Paper models, photos and musings of a Paper Kosmonaut

23 July 2017


Still on a flow with planes, so the Zil has to wait a while.
Model making should be fun and the Zil is a bit boring, having to do all those wheel treads. So I did some reasonable quickies with planes for some quick results. And because I love doing planes.

I made this Spitfire, a recolour of an older Emil Zarkov model, a later model Griffon-engined Spitfire mk. XIX with a 5-bladed prop and shorter gear. I thought it would be fun to do it in the style of the Red Arrows. It looks quite well with that scheme. I based it on the most recent livery.

I also did a recolour of this Zio- plane, this time an aircraft from his native Italy. A while ago I read about how the U.S. Army, while moving up through Italy in 1944, captured this Macchi 202 Folgore (thunderbolt) and gave it a new paint job and tested it. They called it the Wacky Macchi. I liked this and knew I had a model of it, so I changed Fabrizio Prudenziati's Italian Macchi into the U.S. captured version.

Now, for the latest one I did, there is some more to tell.

Aesthetic aspects of models.

When looking at online aviation photography, I notice I always judge the photos solely on the aesthetic qualities of the depicted air plane. I just don’t get a kick out of seeing the umpteenth airliner but I do really am pleased with a good shot of a Spitfire (and especially its beautifully elliptic wing shape), a P-51 Mustang’s gracious lines or a jet from the Sukhoi 27 family.
One that really tops my bill and makes me happy just looking at it, is the De Havilland DH.88 Comet Race plane from 1934. Just five were built, mainly to race from London to Melbourne. 

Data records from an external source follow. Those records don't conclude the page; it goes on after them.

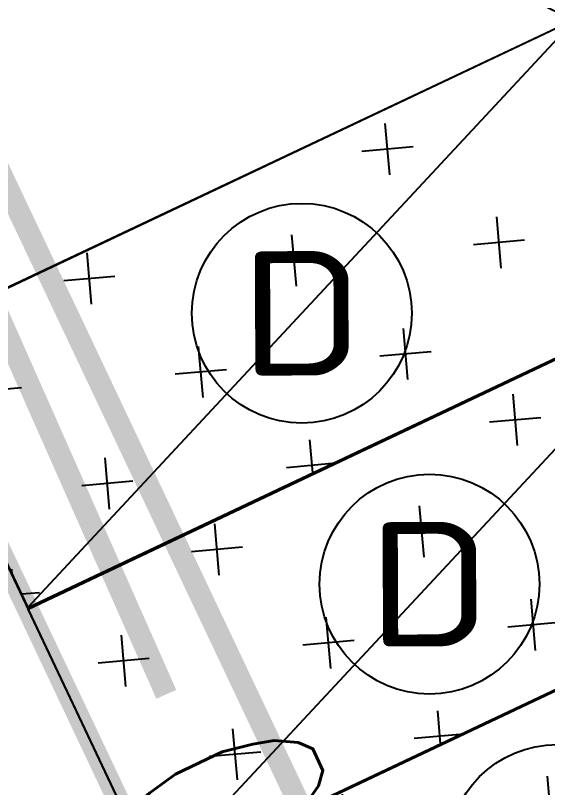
# Model space of a CAD drawing. Extents: x -809667 to 586099, y 3084146 to 3634412.
# Drawn here: x 381285.95 to 381290.23, y 3084296.4 to 3084302.6 of the extents above; entities that cross this region are included whole.
import ezdxf
from ezdxf.enums import TextEntityAlignment as Align

# ---------------------------------------------------------------- set-up
doc = ezdxf.new("R2010")
doc.units = 0
doc.header["$LTSCALE"] = 0.5
for name, color, linetype in [('DIM-照明', 3, 'CONTINUOUS'), ('WIRE-动力', 2, 'CONTINUOUS'), ('WIRE-照明', 1, 'CONTINUOUS'), ('WIRE-通讯', 4, 'CONTINUOUS'), ('文字', 7, 'CONTINUOUS')]:
    doc.layers.add(name, color=color, linetype=linetype)
doc.styles.add('_TEL_DIM', font='SIMPLEX', dxfattribs={"width": 0.8, "height": 3.5, "bigfont": 'HZTXT'})
doc.styles.add('zx', font='GBENOR', dxfattribs={"width": 1.2, "bigfont": 'GBCBIG'})

# ---------------------------------------------------------------- blocks, each defined once
blk = doc.blocks.new('123213')
at = {"layer": '文字', "linetype": 'Continuous'}
h = blk.add_hatch(dxfattribs=at)
h.set_pattern_fill('CROSS', color=8, scale=0.5200298169371408, angle=95.03494910525421)
h.set_pattern_definition([(95.03494910525414, (381885.7317007091, 3087160.027476753), (-0.8948146622980129, 0.7499090096577075), [0.4127736671938554, -1.238321001581566]), (185.0349491052542, (381885.9191779615, 3087160.251180418), (-0.7499090096577075, -0.8948146622980129), [0.4127736671938553, -1.238321001581566])])
h.paths.add_polyline_path([(381879.9012123861, 3087159.513791254), (381885.3270816387, 3087162.077454294), (381884.3019513099, 3087164.238648989), (381878.8778916366, 3087161.675997144)])
h = blk.add_hatch(dxfattribs=at)
h.set_pattern_fill('CROSS', color=8, scale=0.5200298169371408, angle=95.03494910525421)
h.set_pattern_definition([(95.03494910525414, (381886.7572083869, 3087157.85315947), (-0.8948146622980129, 0.7499090096577075), [0.4127736671938554, -1.238321001581566]), (185.0349491052542, (381886.9446856393, 3087158.076863135), (-0.7499090096577075, -0.8948146622980129), [0.4127736671938553, -1.238321001581566])])
h.paths.add_polyline_path([(381880.9267200639, 3087157.339473971), (381886.3525893165, 3087159.903137011), (381885.3274589877, 3087162.064331706), (381879.9033993144, 3087159.501679861)])
h = blk.add_hatch(dxfattribs=at)
h.set_pattern_fill('CROSS', color=8, scale=0.5200298169371408, angle=95.03494910525421)
h.set_pattern_definition([(95.03494910525414, (381887.7838927904, 3087155.683846412), (-0.8948146622980129, 0.7499090096577075), [0.4127736671938554, -1.238321001581566]), (185.0349491052542, (381887.9713700428, 3087155.907550077), (-0.7499090096577075, -0.8948146622980129), [0.4127736671938553, -1.238321001581566])])
h.paths.add_polyline_path([(381881.9534044674, 3087155.170160913), (381887.37927372, 3087157.733823953), (381886.3541433912, 3087159.895018648), (381880.9300837179, 3087157.332366803)])
at = {"layer": '文字', "color": 8, "linetype": 'Continuous', "flags": 128}
blk.add_lwpolyline([(381892.7081049404, 3087190.861407393, 0.3935278933651392), (381888.8755051758, 3087192.286810053), (381871.3203506682, 3087184.985317601, 0.428398789829093), (381869.7599369795, 3087180.931696943), (381890.3836150268, 3087137.355293183, 0.4674018903791401), (381903.7490829605, 3087133.88133008), (381907.5651107691, 3087136.606592307, 0.3483465174933295), (381910.6581481613, 3087147.353777378), (381893.0252193438, 3087190.229165131)], format="xyb", dxfattribs=at)
at = {"layer": '文字', "color": 8, "linetype": 'Continuous'}
for points in [[(381879.9012123861, 3087159.513791254), (381885.3270816387, 3087162.077454294), (381884.3019513099, 3087164.238648989), (381878.8778916366, 3087161.675997144)], [(381880.9267200639, 3087157.339473971), (381886.3525893165, 3087159.903137011), (381885.3274589877, 3087162.064331706), (381879.9033993144, 3087159.501679861)], [(381881.9534044674, 3087155.170160913), (381887.37927372, 3087157.733823953), (381886.3541433912, 3087159.895018648), (381880.9300837179, 3087157.332366803)]]:
    blk.add_lwpolyline(points, close=True, dxfattribs=at)
at = {"layer": '文字', "color": 8, "linetype": 'Continuous', "flags": 128}
for points in [[(381879.9053536886, 3087159.502624453), (381885.3286363292, 3087162.069335461), (381884.3019519267, 3087164.238648518), (381878.8786692852, 3087161.671937511)], [(381880.9308613664, 3087157.32830717), (381886.354144007, 3087159.895018178), (381885.3274596045, 3087162.064331235), (381879.904176963, 3087159.497620228)], [(381881.9575457699, 3087155.158994112), (381887.3808284105, 3087157.72570512), (381886.354144008, 3087159.895018177), (381880.9308613664, 3087157.32830717)]]:
    blk.add_lwpolyline(points, close=True, dxfattribs=at)
at = {"layer": '文字', "color": 8, "linetype": 'Continuous'}
for points in [[(381879.9012123861, 3087159.513791254), (381884.3028863121, 3087164.23909074)], [(381880.9267200639, 3087157.339473971), (381885.3283939899, 3087162.064773457)]]:
    blk.add_lwpolyline(points, dxfattribs=at)
for centre in [(381882.1020493491, 3087161.876440997), (381883.1275570269, 3087159.702123714), (381884.1542414303, 3087157.532810656)]:
    blk.add_circle(centre, 0.8823313959797435, dxfattribs=at)
blk.add_open_spline([(381879.6989450383, 3087172.837606708), (381879.7291040655, 3087172.123590133), (381880.176215505, 3087168.526347405), (381882.7685924242, 3087164.135240546), (381885.5589212906, 3087163.928746711), (381886.1418449125, 3087163.728333791)], degree=3, knots=[6.208640973147585, 6.208640973147585, 6.208640973147585, 6.208640973147585, 8.300034195953438, 16.52630427416807, 17.28581345565724, 17.28581345565724, 17.28581345565724, 17.28581345565724], dxfattribs=at)
at = {"layer": '文字', "color": 8, "linetype": 'Continuous', "style": 'zx', "width": 1.697422152035002}
for p, p2 in [((381881.6049927798, 3087161.375262056), (381882.6032282886, 3087161.379384426)), ((381882.6305004576, 3087159.200944773), (381883.6287359665, 3087159.205067143))]:
    blk.add_text('D', height=0.9982440213617114, rotation=0.2366105527089202, dxfattribs=at).set_placement(p, p2, align=Align.FIT)

msp = doc.modelspace()

# ---------------------------------------------------------------- linework, layer by layer
at = {"layer": 'WIRE-动力', "linetype": 'Continuous', "const_width": 0.175}
msp.add_lwpolyline([(381294.001548565, 3084307.456939967), (381284.9610275936, 3084303.178275886), (381315.7051392106, 3084238.218096585)], dxfattribs=at)
at = {"layer": 'WIRE-照明', "linetype": 'Continuous', "const_width": 0.175}
msp.add_lwpolyline([(381276.7738371074, 3084320.596548201), (381287.1645067106, 3084297.147772104)], dxfattribs=at)
at = {"layer": 'WIRE-通讯', "linetype": 'Continuous', "const_width": 0.175}
msp.add_lwpolyline([(381284.9785623043, 3084300.10139716), (381298.3665579194, 3084271.813489376)], dxfattribs=at)

# ---------------------------------------------------------------- block references
at = {"layer": '文字', "color": 8}
msp.add_blockref('123213', (-593.8496636126656, -2861.669633126352), dxfattribs=at)

# ---------------------------------------------------------------- texts
at = {"layer": 'DIM-照明', "linetype": 'Continuous', "style": '_TEL_DIM', "width": 0.6400000000000001}
msp.add_text('G', height=1.75, rotation=295.327083216408, dxfattribs=at).set_placement((381286.5732444038, 3084296.35164921))

doc.saveas('drawing.dxf')

De Havilland equipped them with two of the famous Gipsy Six engines under the wing in pods that also housed the retractable main landing gear. Just like a lot of the aircraft De Havilland made in those days, the DH.88 had sleek, gracious lines, a slim fuselage and very beautiful wings.

So, some time ago, I wanted to make a little study of the model focusing on the pure form of the plane, not the colours or anything that would distract the view from those basic lines. So I printed out a model I bought some time ago at Ecardmodels, made by “Lad’n’Dad” duo Jim and Keith Fainges. I took the uncoloured model but I even wanted the lines to be invisible, so I built it inside out, using light grey paper. I stopped when I reached the engine pods. I wanted it to be just the shape of the airframe without the engines. To me, this is the ultimate shape of a sleek, bird-like airplane. It very much resembles a Swift, the sickle- shaped wings, the small tail, the slender appearance.

This is just a playful study, do I didn’t care too much about fit or accuracy. However, I started toying with the idea to make a coloured variant with a little different take on how the story of the DH. 88 continued…

What if...
Frank Whittle was turned down by Gloster but found a host for his jet engine at De Havilland? Of course they would have used a sleek, slender and light design for a test aircraft. And why just one when you can have two?
To put it in other words: how would the DH.88 look with jets instead of two Gypsy Six below the wings? Answer: surprisingly good! Here's the prototype of the DH.99 Jet Comet.

I took the jet pods of a 1/50 Gloster Meteor by Gerard Methorst, resized them to about the 1/72 scale I was working in and fitted them on the wings. Not below the wings, like the Me-262 as I have seen done in plastic whifferies of this model, but just like the Meteor officially had, through the wings.
...Now what would have been the impact of this super fast looking little jet if it had been in service with the RAF during the battle of Britain?

Who knows? (-;

Hopefully soon some pics on how the wheels of the Zil are finally finished and I can move on to the suspension.

Worth noting is how different the approach to the wing root attachments is between Fabrizio Prudenziati's and Emil Zarkov's Spitfire models. In Pruzenziati's model, the fuselage needs to be curved outward to connect to the wing, which is slightly curved up to meet the fuselage. It gives a super smooth seam this way. In most planes, like Zarkov's Spit and the Lad'n'Dad's DH.88, you need a loose strip to create that slope between the straight body and the wings. Here the same kind of plane, but a different approach. Interesting to see how people solve puzzles like this. In the end, they both look great.

Zio's Spit. a Very smoothly curved transition between body and wing.

Zarkov's Spit. Using a separate strip for the transition perhaps does create a better and more correctly graded slope but it also creates two seams across the plane's body. Both have their pros and cons but it's nice to compare.